_What this task involves_. Return the following from the records below: each line, word for word, starting with the line that contains "for name, color, linetype" and going on through the line that contains "each defined once", with nothing outside that range.

Data excerpts:
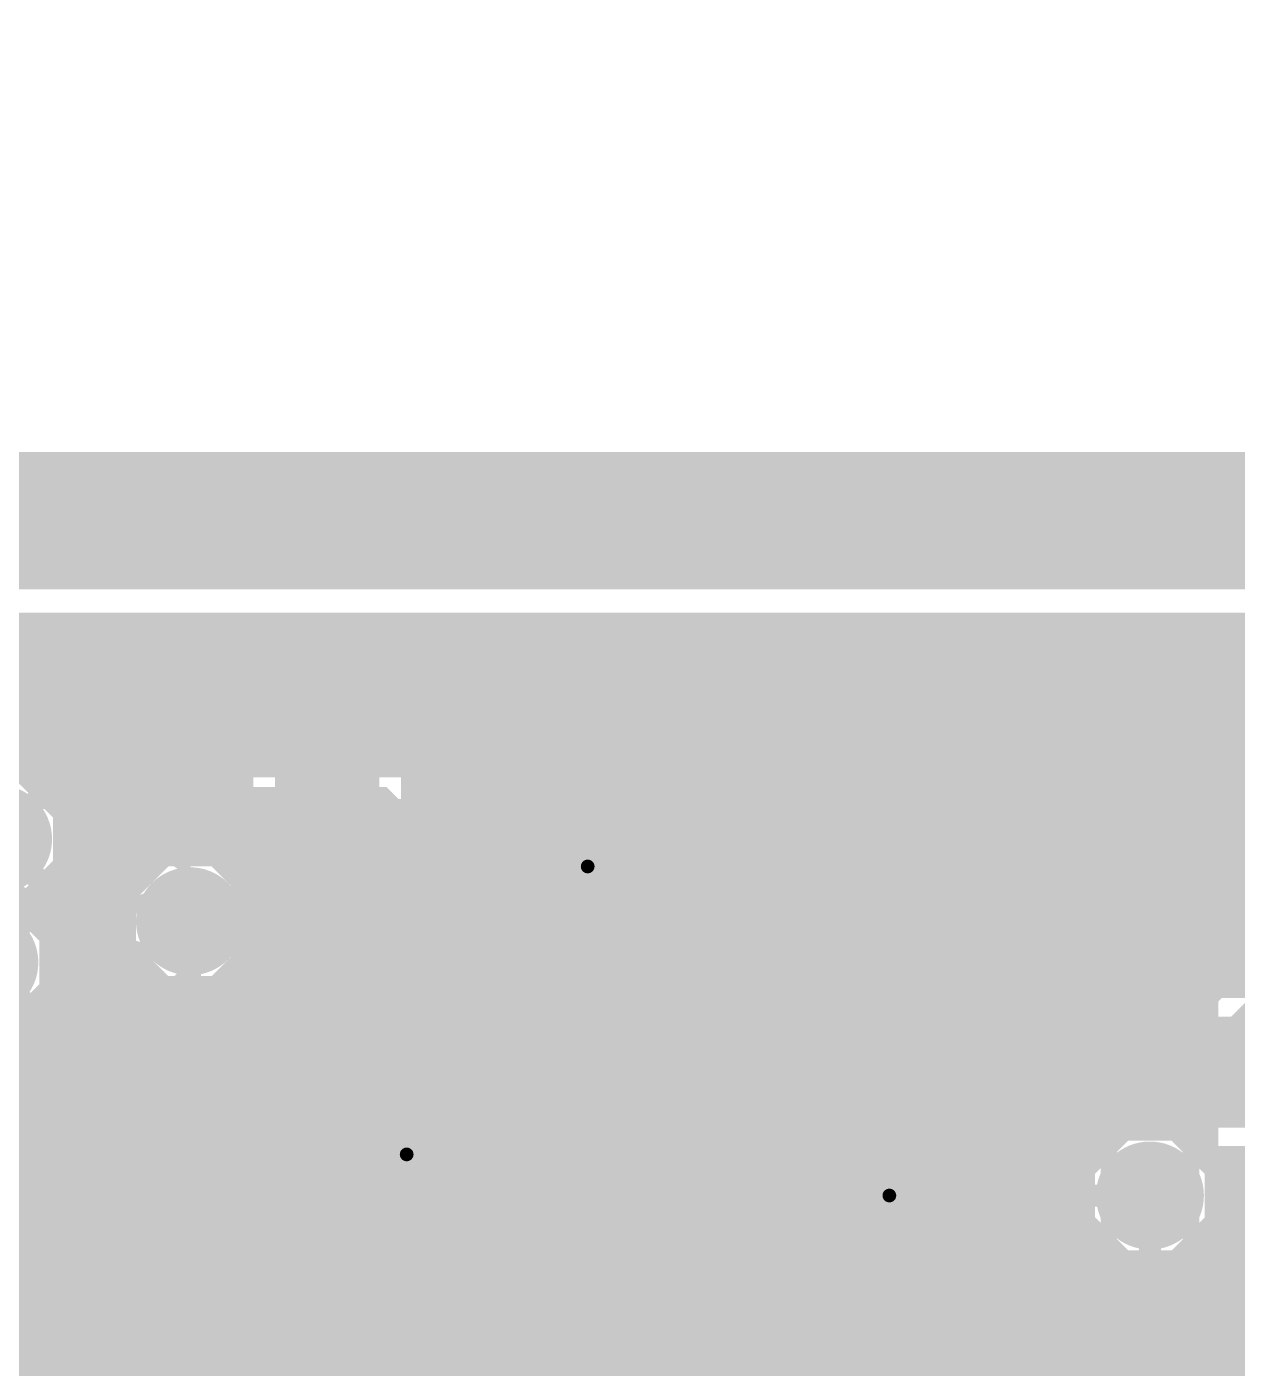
# Model space of a CAD drawing. Extents: x -6 to 196, y -52 to 46.
# Drawn here: x 134.38 to 145.59, y 14.15 to 26.57 of the extents above; entities that cross this region are included whole.
import ezdxf

# ---------------------------------------------------------------- set-up
doc = ezdxf.new("R2010")
doc.units = 0
doc.header["$MEASUREMENT"] = 0
doc.layers.get('0').update_dxf_attribs({"linetype": 'CONTINUOUS'})
for name, color, linetype in [('22-304-1_BOT', 7, 'CONTINUOUS'), ('22-304-1_DRD', 7, 'CONTINUOUS'), ('22-304-1_GND', 6, 'CONTINUOUS'), ('22-304-1_IN1', 4, 'CONTINUOUS'), ('22-304-1_SMT', 5, 'CONTINUOUS'), ('22-304-1_SPT', 10, 'CONTINUOUS'), ('22-304-1_SST', 14, 'CONTINUOUS'), ('22-304-1_TOP', 9, 'CONTINUOUS'), ('THRUHOLE_TAP', 13, 'CONTINUOUS')]:
    doc.layers.add(name, color=color, linetype=linetype)

# ---------------------------------------------------------------- blocks, each defined once
blk = doc.blocks.new('ROUND_57')
at = {"const_width": 0.35052}
blk.add_lwpolyline([(-0.17526, 0, 1), (0.17526, 0, 1)], format="xyb", close=True, dxfattribs=at)
blk = doc.blocks.new('ROUND_11')
at = {"const_width": 0.35052}
blk.add_lwpolyline([(-0.17526, 0, 1), (0.17526, 0, 1)], format="xyb", close=True, dxfattribs=at)
blk = doc.blocks.new('ROUND_83')
at = {"const_width": 0.50038}
blk.add_lwpolyline([(-0.25019, 0, 1), (0.25019, 0, 1)], format="xyb", close=True, dxfattribs=at)
blk = doc.blocks.new('ROUND_85')
at = {"const_width": 0.0635}
blk.add_lwpolyline([(-0.03175, 0, 1), (0.03175, 0, 1)], format="xyb", close=True, dxfattribs=at)
blk = doc.blocks.new('ROUND_86')
at = {"const_width": 0.50038}
blk.add_lwpolyline([(-0.25019, 0, 1), (0.25019, 0, 1)], format="xyb", close=True, dxfattribs=at)
blk = doc.blocks.new('RECTANGLE_5')
blk.add_solid([(0.4826, 0.4064), (0.4826, -0.4064), (-0.4826, 0.4064), (-0.4826, -0.4064)])
blk = doc.blocks.new('RECTANGLE_7')
blk.add_solid([(0.63627, 0.51308), (0.63627, -0.51308), (-0.63627, 0.51308), (-0.63627, -0.51308)])
blk = doc.blocks.new('OBLONG_47')
at = {"const_width": 0.2794}
blk.add_lwpolyline([(0, 0.7493), (0, -0.7493)], dxfattribs=at)
at = {"const_width": 0.1397}
for points in [[(-0.06985, 0.7493, 1), (0.06985, 0.7493, 1)], [(-0.06985, -0.7493, 1), (0.06985, -0.7493, 1)]]:
    blk.add_lwpolyline(points, format="xyb", close=True, dxfattribs=at)
blk = doc.blocks.new('ROUND_88')
at = {"const_width": 0.10033}
blk.add_lwpolyline([(-0.050164, 0, 1), (0.050164, 0, 1)], format="xyb", close=True, dxfattribs=at)

msp = doc.modelspace()

# ---------------------------------------------------------------- linework, layer by layer
at = {"layer": '22-304-1_BOT'}
for points, const_width in [([(193.929, 20.828), (101.6, 20.828)], 0.254), ([(134.4168, 20.828), (134.4168, 19.85264)], 0.254), ([(134.6454, 20.828), (134.6454, 19.86026)], 0.254), ([(134.874, 20.828), (134.874, 19.86026)], 0.254), ([(135.1026, 20.828), (135.1026, 19.86026)], 0.254), ([(135.3312, 20.828), (135.3312, 19.86026)], 0.254), ([(135.5598, 20.828), (135.5598, 19.86026)], 0.254), ([(135.7884, 20.828), (135.7884, 19.86026)], 0.254), ([(136.017, 20.828), (136.017, 19.86026)], 0.254), ([(136.2456, 20.828), (136.2456, 19.86026)], 0.254), ([(136.4742, 20.828), (136.4742, 19.86026)], 0.254), ([(136.7028, 20.828), (136.7028, 19.86026)], 0.254), ([(136.9314, 20.828), (136.9314, 19.86026)], 0.254), ([(137.16, 20.828), (137.16, 19.86026)], 0.254), ([(137.3886, 20.828), (137.3886, 19.86026)], 0.254), ([(137.6172, 20.828), (137.6172, 19.86026)], 0.254), ([(137.8458, 20.828), (137.8458, 19.81962)], 0.254), ([(138.0744, 20.828), (138.0744, 19.62912)], 0.254), ([(138.303, 20.828), (138.303, 19.40052)], 0.254), ([(138.5316, 20.828), (138.5316, 19.17192)], 0.254), ([(138.7602, 20.828), (138.7602, 18.94332)], 0.254), ([(138.9888, 20.828), (138.9888, 18.71472)], 0.254), ([(139.2174, 20.828), (139.2174, 18.48612)], 0.254), ([(139.446, 20.828), (139.446, 18.46326)], 0.254), ([(139.6746, 20.828), (139.6746, 18.46326)], 0.254), ([(139.9032, 20.828), (139.9032, 18.46326)], 0.254), ([(140.1318, 20.828), (140.1318, 18.46326)], 0.254), ([(140.3604, 20.828), (140.3604, 18.46326)], 0.254), ([(140.589, 20.828), (140.589, 18.46326)], 0.254), ([(140.8176, 20.828), (140.8176, 18.46326)], 0.254), ([(141.0462, 20.828), (141.0462, 18.46326)], 0.254), ([(141.2748, 20.828), (141.2748, 18.46326)], 0.254), ([(141.5034, 20.828), (141.5034, 18.46326)], 0.254), ([(141.732, 20.828), (141.732, 18.46326)], 0.254), ([(141.9606, 20.828), (141.9606, 18.46326)], 0.254), ([(142.1892, 20.828), (142.1892, 18.46326)], 0.254), ([(142.4178, 20.828), (142.4178, 18.46326)], 0.254), ([(142.6464, 20.828), (142.6464, 18.46326)], 0.254), ([(142.875, 20.828), (142.875, 18.46326)], 0.254), ([(143.1036, 20.828), (143.1036, 18.46326)], 0.254), ([(143.3322, 20.828), (143.3322, 18.46326)], 0.254), ([(143.5608, 20.828), (143.5608, 18.46326)], 0.254), ([(143.7894, 20.828), (143.7894, 18.46326)], 0.254), ([(144.018, 20.828), (144.018, 18.46326)], 0.254), ([(144.2466, 20.828), (144.2466, 18.46326)], 0.254), ([(144.4752, 20.828), (144.4752, 18.46326)], 0.254), ([(144.7038, 20.828), (144.7038, 18.46326)], 0.254), ([(144.9324, 20.828), (144.9324, 18.46326)], 0.254), ([(145.161, 20.828), (145.161, 18.51152)], 0.254), ([(145.3896, 20.828), (145.3896, 18.74012)], 0.254), ([(145.6182, 20.828), (145.6182, 18.96872)], 0.254), ([(193.929, 20.6248), (87.00516, 20.6248)], 0.254), ([(189.14618, 20.3962), (87.00516, 20.3962)], 0.254), ([(188.5061, 20.1676), (130.54076, 20.1676)], 0.254), ([(188.09462, 19.939), (130.77952, 19.939)], 0.254), ([(137.668, 19.86026), (134.493, 19.86026)], 0.254), ([(137.97026, 19.73326), (139.2428, 18.46326)], 0.254), ([(187.7822, 19.7104), (137.99312, 19.7104)], 0.254), ([(149.86, 18.161), (149.098, 18.923), (146.177, 18.923), (145.288, 18.034), (139.065, 18.034), (137.668, 19.431), (134.493, 19.431), (134.112, 19.05)], 0.2032), ([(187.5282, 19.4818), (138.22172, 19.4818)], 0.254), ([(145.90268, 19.2532), (138.45032, 19.2532)], 0.254), ([(145.87474, 19.22526), (145.1102, 18.46326)], 0.254), ([(145.67154, 19.0246), (138.67892, 19.0246)], 0.254), ([(146.431, 18.161), (145.415, 17.145), (144.018, 17.145), (143.637, 17.526), (138.811, 17.526), (137.3378, 18.9992), (135.0772, 18.9992), (133.985, 17.907)], 0.2032), ([(145.44294, 18.796), (138.90752, 18.796)], 0.254), ([(145.21434, 18.5674), (139.13612, 18.5674)], 0.254), ([(145.1102, 18.46326), (139.2428, 18.46326)], 0.254), ([(152.146, 18.034), (152.146, 17.907), (150.749, 16.51), (143.891, 16.51), (143.383, 17.018), (138.684, 17.018), (137.414, 18.288), (135.89, 18.288)], 0.2032), ([(133.223, 17.145), (135.89, 17.145), (136.271, 17.526), (137.541, 17.526), (138.557, 16.51), (142.621, 16.51), (143.383, 15.748), (144.78, 15.748)], 0.2032), ([(137.3632, 17.09674), (137.1346, 17.09674)], 0.254), ([(137.16, 17.09674), (137.16, 17.04594)], 0.254), ([(137.3632, 17.09674), (138.24966, 16.21282)], 0.254), ([(137.3886, 17.07134), (137.3886, 8.46836)], 0.254), ([(134.366, 5.715), (134.366, 14.986), (132.334, 17.018), (130.683, 17.018)], 0.2032), ([(137.49274, 16.9672), (137.19048, 16.9672)], 0.254), ([(137.6172, 16.84274), (137.6172, 8.43788)], 0.254), ([(135.86968, 16.71574), (133.74624, 16.71574)], 0.254), ([(134.4168, 16.71574), (134.4168, 15.53972)], 0.254), ([(134.6454, 16.71574), (134.6454, 15.31112)], 0.254), ([(134.874, 16.71574), (134.874, 6.16204)], 0.254), ([(135.1026, 16.71574), (135.1026, 5.97154)], 0.254), ([(135.3312, 16.71574), (135.3312, 6.10362)], 0.254), ([(135.5598, 16.71574), (135.5598, 6.13664)], 0.254), ([(135.7884, 16.71574), (135.7884, 6.09092)], 0.254), ([(137.72134, 16.7386), (137.22096, 16.7386)], 0.254), ([(137.8458, 16.61414), (137.8458, 8.31342)], 0.254), ([(133.44906, 16.50746), (134.66318, 15.29334)], 0.254), ([(135.91794, 16.51), (133.45668, 16.51)], 0.254), ([(137.16, 16.48206), (137.16, 8.4201)], 0.254), ([(137.94994, 16.51), (137.1727, 16.51)], 0.254), ([(136.07034, 16.2814), (133.67512, 16.2814)], 0.254), ([(136.017, 16.33982), (136.017, 5.9436)], 0.254), ([(138.17854, 16.2814), (137.01776, 16.2814)], 0.254), ([(138.0744, 16.38554), (138.0744, 7.94004)], 0.254), ([(136.2456, 16.15694), (136.2456, 2.93116)], 0.254), ([(136.9314, 16.20774), (136.9314, 8.26516)], 0.254), ([(138.303, 16.16456), (138.303, 4.25704)], 0.254), ([(142.47114, 16.0528), (133.90372, 16.0528)], 0.254), ([(136.4742, 16.0909), (136.4742, 2.80924)], 0.254), ([(136.7028, 16.10614), (136.7028, 6.08584)], 0.254), ([(138.5316, 16.08074), (138.5316, 5.53974)], 0.254), ([(142.4432, 16.08074), (138.557, 16.08074)], 0.254), ([(138.7602, 16.08074), (138.7602, 5.7023)], 0.254), ([(138.9888, 16.08074), (138.9888, 5.75564)], 0.254), ([(139.2174, 16.08074), (139.2174, 5.7277)], 0.254), ([(139.446, 16.08074), (139.446, 5.61086)], 0.254), ([(139.6746, 16.08074), (139.6746, 5.27558)], 0.254), ([(139.9032, 16.08074), (139.9032, -0.62484)], 0.254), ([(140.1318, 16.08074), (140.1318, -0.48514)], 0.254), ([(140.3604, 16.08074), (140.3604, 7.1501)], 0.254), ([(140.589, 16.08074), (140.589, 7.4168)], 0.254), ([(140.8176, 16.08074), (140.8176, 7.51586)], 0.254), ([(141.0462, 16.08074), (141.0462, 7.52856)], 0.254), ([(141.2748, 16.08074), (141.2748, 7.46252)], 0.254), ([(141.5034, 16.08074), (141.5034, 7.27456)], 0.254), ([(141.732, 16.08074), (141.732, 4.89204)], 0.254), ([(141.9606, 16.08074), (141.9606, 5.05968)], 0.254), ([(142.1892, 16.08074), (142.1892, 5.1181)], 0.254), ([(142.4178, 16.08074), (142.4178, 5.09778)], 0.254), ([(142.4432, 16.08074), (143.07566, 15.45082)], 0.254), ([(150.749, 16.08074), (145.36928, 16.08074)], 0.254), ([(186.6265, 16.0528), (145.38452, 16.0528)], 0.254), ([(145.3896, 16.08074), (145.3896, 16.0401)], 0.254), ([(145.6182, 16.08074), (145.6182, -4.064)], 0.254), ([(142.69974, 15.8242), (134.13232, 15.8242)], 0.254), ([(142.6464, 15.87754), (142.6464, 4.98602)], 0.254), ([(186.70016, 15.8242), (145.45056, 15.8242)], 0.254), ([(142.92834, 15.5956), (134.36092, 15.5956)], 0.254), ([(142.875, 15.64894), (142.875, 4.67868)], 0.254), ([(186.7916, 15.5956), (145.43786, 15.5956)], 0.254), ([(143.1036, 15.42288), (143.1036, -4.064)], 0.254), ([(145.3896, 15.45336), (145.3896, -0.08636)], 0.254), ([(143.18742, 15.367), (134.58952, 15.367)], 0.254), ([(143.3322, 15.32128), (143.3322, -4.064)], 0.254), ([(144.25676, 15.31874), (143.383, 15.31874)], 0.254), ([(143.5608, 15.31874), (143.5608, -4.064)], 0.254), ([(143.7894, 15.31874), (143.7894, -4.064)], 0.254), ([(144.018, 15.31874), (144.018, -4.064)], 0.254), ([(144.2466, 15.31874), (144.2466, 0.03556)], 0.254), ([(186.90082, 15.367), (145.3388, 15.367)], 0.254), ([(145.161, 15.1892), (145.161, 0.1778)], 0.254), ([(144.48536, 15.1384), (134.76478, 15.1384)], 0.254), ([(144.4752, 15.14348), (144.4752, 0.22352)], 0.254), ([(144.7038, 15.0749), (144.7038, 0.28956)], 0.254), ([(144.9324, 15.0876), (144.9324, 0.27686)], 0.254), ([(187.0329, 15.1384), (145.0721, 15.1384)], 0.254), ([(134.79526, 14.986), (134.79526, 6.23824)], 0.254), ([(187.18784, 14.9098), (134.79526, 14.9098)], 0.254), ([(187.37326, 14.6812), (134.79526, 14.6812)], 0.254), ([(187.59424, 14.4526), (134.79526, 14.4526)], 0.254), ([(187.86348, 14.224), (134.79526, 14.224)], 0.254)]:
    msp.add_lwpolyline(points, dxfattribs=dict(at, const_width=const_width))
at = {"layer": '22-304-1_BOT', "const_width": 0.254}
for points in [[(134.493, 19.86026, 0.1989132), (134.18947, 19.73453)], [(137.97026, 19.73326, 0.1989124), (137.668, 19.85846)], [(137.97026, 19.73326, 0.1989124), (137.668, 19.85846)], [(137.22096, 16.764, 0.1292182), (137.13365, 17.0962)], [(135.86968, 16.71574, 0.3934799), (136.54532, 16.08582)], [(136.54532, 16.08836, 0.4142136), (137.22096, 16.764)], [(138.25474, 16.20774, 0.1989124), (138.557, 16.08254)], [(138.25474, 16.20774, 0.1989124), (138.557, 16.08254)], [(145.45564, 15.748, 0.1292182), (145.36833, 16.0802)], [(144.78, 15.07236, 0.4142136), (145.45564, 15.748)], [(143.08074, 15.44574, 0.1989124), (143.383, 15.32054)], [(143.08074, 15.44574, 0.1989124), (143.383, 15.32054)], [(134.79526, 14.986, 0.1989124), (134.66953, 15.28953)], [(144.25676, 15.31874, 0.2246031), (144.78, 15.07121)]]:
    msp.add_lwpolyline(points, format="xyb", dxfattribs=at)
at = {"layer": '22-304-1_DRD'}
for points, const_width in [([(195.00088, 21.99894), (101.99878, 21.99894), (78.99908, 44.99864), (-4.99872, 44.99864), (-4.99872, -4.99872), (195.00088, -4.99872), (195.00088, 21.99894)], 1.27), ([(134.366, 19.685), (133.858, 19.685)], 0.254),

_Your solution_.
for name, color, linetype in [('22-304-1_BOT', 7, 'CONTINUOUS'), ('22-304-1_DRD', 7, 'CONTINUOUS'), ('22-304-1_GND', 6, 'CONTINUOUS'), ('22-304-1_IN1', 4, 'CONTINUOUS'), ('22-304-1_SMT', 5, 'CONTINUOUS'), ('22-304-1_SPT', 10, 'CONTINUOUS'), ('22-304-1_SST', 14, 'CONTINUOUS'), ('22-304-1_TOP', 9, 'CONTINUOUS'), ('THRUHOLE_TAP', 13, 'CONTINUOUS')]:
    doc.layers.add(name, color=color, linetype=linetype)

# ---------------------------------------------------------------- blocks, each defined once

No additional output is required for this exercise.